Reproduce the whole listing below without its pictures, exactly as written.

╔══

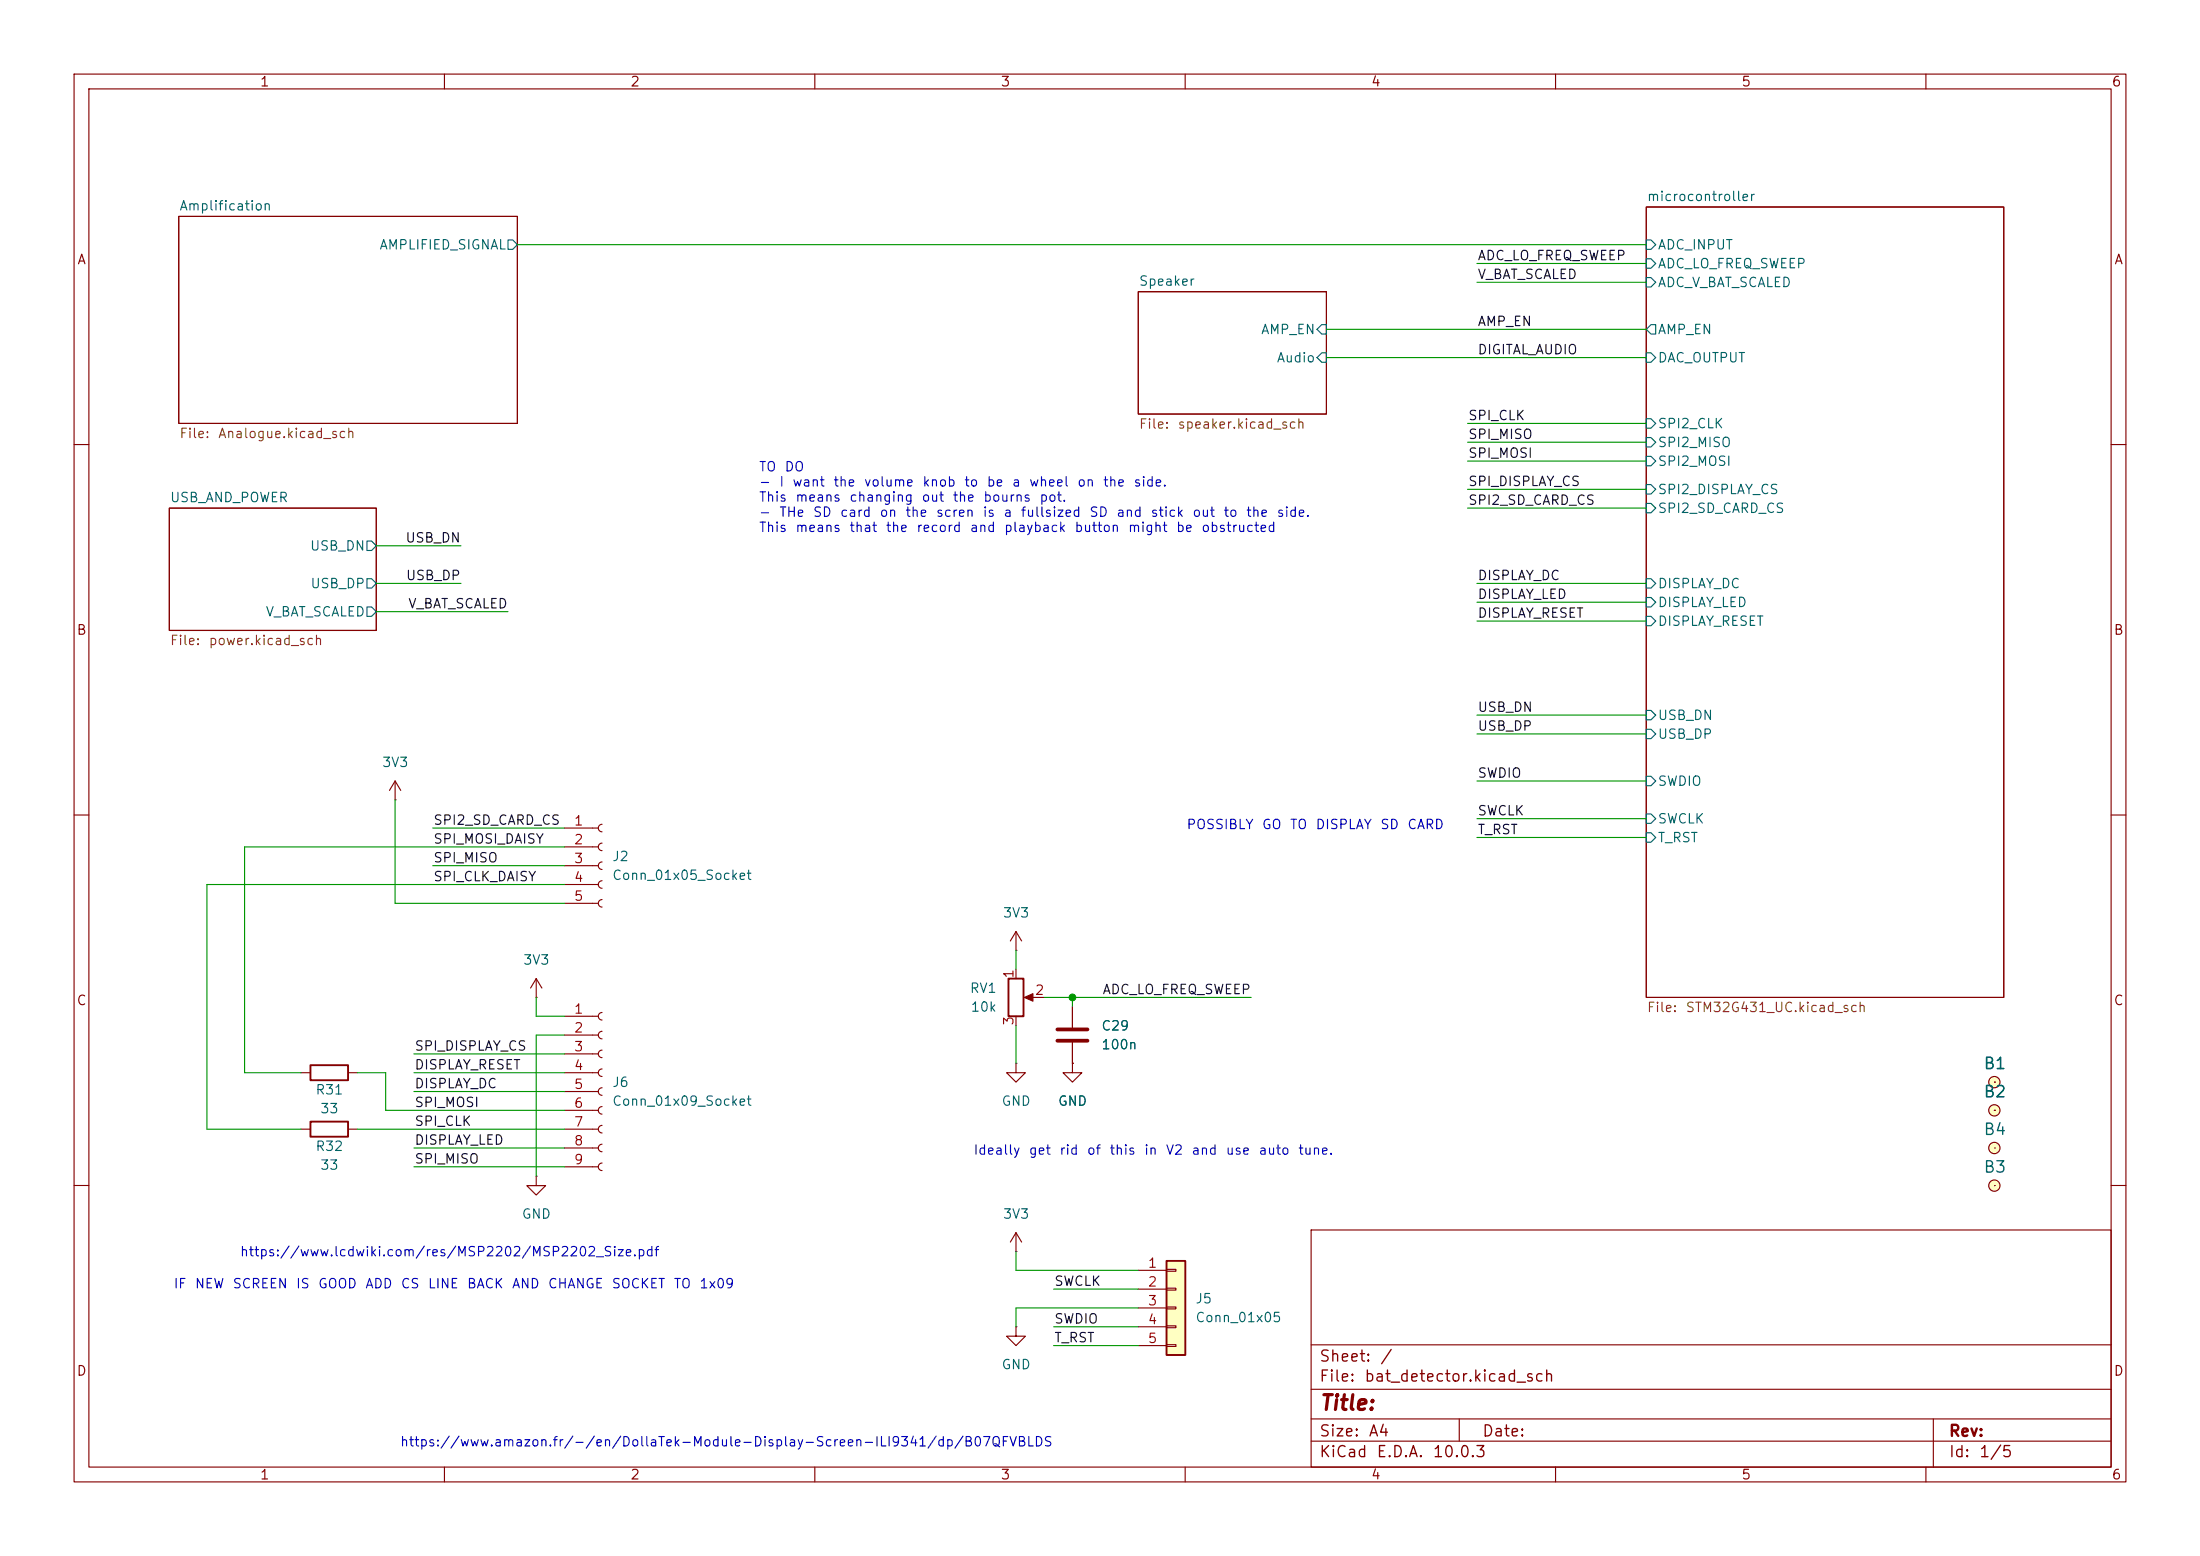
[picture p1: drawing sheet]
<svg xmlns="http://www.w3.org/2000/svg" width="297mm" height="210mm" viewBox="0 0 297 210" stroke-linecap="round" stroke-linejoin="round" font-family="sans-serif">
<g fill="none" stroke="#840000" stroke-width=".15">
<path d="M10 10h277v190h-277zM12 12h273v186h-273zM60 10v2M110 10v2M160 10v2M210 10v2M260 10v2M24.1 29.2h45.7v28h-45.7zM153.7 39.4h25.4v16.5h-25.4zM222.2 27.9h48.3v106.7h-48.3zM10 60h2M22.9 68.6h27.9v16.5h-27.9z"/>
<path d="M285 60h2M10 110h2M53.3 108h.1M53.3 105.4l-.7 1.3M53.3 105.4l.8 1.3M53.3 105.4v2.6M76.2 111.8h4.6M76.2 114.3h4.6M76.2 116.8h4.6M76.2 119.4h4.6M81.3 111.3a.51 .51 0 0 0-.5 .5 .51 .51 0 0 0 .5 .5M81.3 113.8a.51 .51 0 0 0-.5 .5 .51 .51 0 0 0 .5 .5"/>
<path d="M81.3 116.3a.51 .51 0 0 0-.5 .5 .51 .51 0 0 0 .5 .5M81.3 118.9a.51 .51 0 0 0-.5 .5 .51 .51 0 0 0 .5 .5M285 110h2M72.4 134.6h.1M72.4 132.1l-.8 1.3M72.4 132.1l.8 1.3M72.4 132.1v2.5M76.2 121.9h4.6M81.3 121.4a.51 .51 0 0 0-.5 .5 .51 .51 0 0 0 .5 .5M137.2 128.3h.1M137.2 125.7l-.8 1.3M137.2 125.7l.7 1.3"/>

╚══

== Task output ==
[picture p1: drawing sheet]
<svg xmlns="http://www.w3.org/2000/svg" width="297mm" height="210mm" viewBox="0 0 297 210" stroke-linecap="round" stroke-linejoin="round" font-family="sans-serif">
<g fill="none" stroke="#840000" stroke-width=".15">
<path d="M10 10h277v190h-277zM12 12h273v186h-273zM60 10v2M110 10v2M160 10v2M210 10v2M260 10v2M24.1 29.2h45.7v28h-45.7zM153.7 39.4h25.4v16.5h-25.4zM222.2 27.9h48.3v106.7h-48.3zM10 60h2M22.9 68.6h27.9v16.5h-27.9z"/>
<path d="M285 60h2M10 110h2M53.3 108h.1M53.3 105.4l-.7 1.3M53.3 105.4l.8 1.3M53.3 105.4v2.6M76.2 111.8h4.6M76.2 114.3h4.6M76.2 116.8h4.6M76.2 119.4h4.6M81.3 111.3a.51 .51 0 0 0-.5 .5 .51 .51 0 0 0 .5 .5M81.3 113.8a.51 .51 0 0 0-.5 .5 .51 .51 0 0 0 .5 .5"/>
<path d="M81.3 116.3a.51 .51 0 0 0-.5 .5 .51 .51 0 0 0 .5 .5M81.3 118.9a.51 .51 0 0 0-.5 .5 .51 .51 0 0 0 .5 .5M285 110h2M72.4 134.6h.1M72.4 132.1l-.8 1.3M72.4 132.1l.8 1.3M72.4 132.1v2.5M76.2 121.9h4.6M81.3 121.4a.51 .51 0 0 0-.5 .5 .51 .51 0 0 0 .5 .5M137.2 128.3h.1M137.2 125.7l-.8 1.3M137.2 125.7l.7 1.3"/>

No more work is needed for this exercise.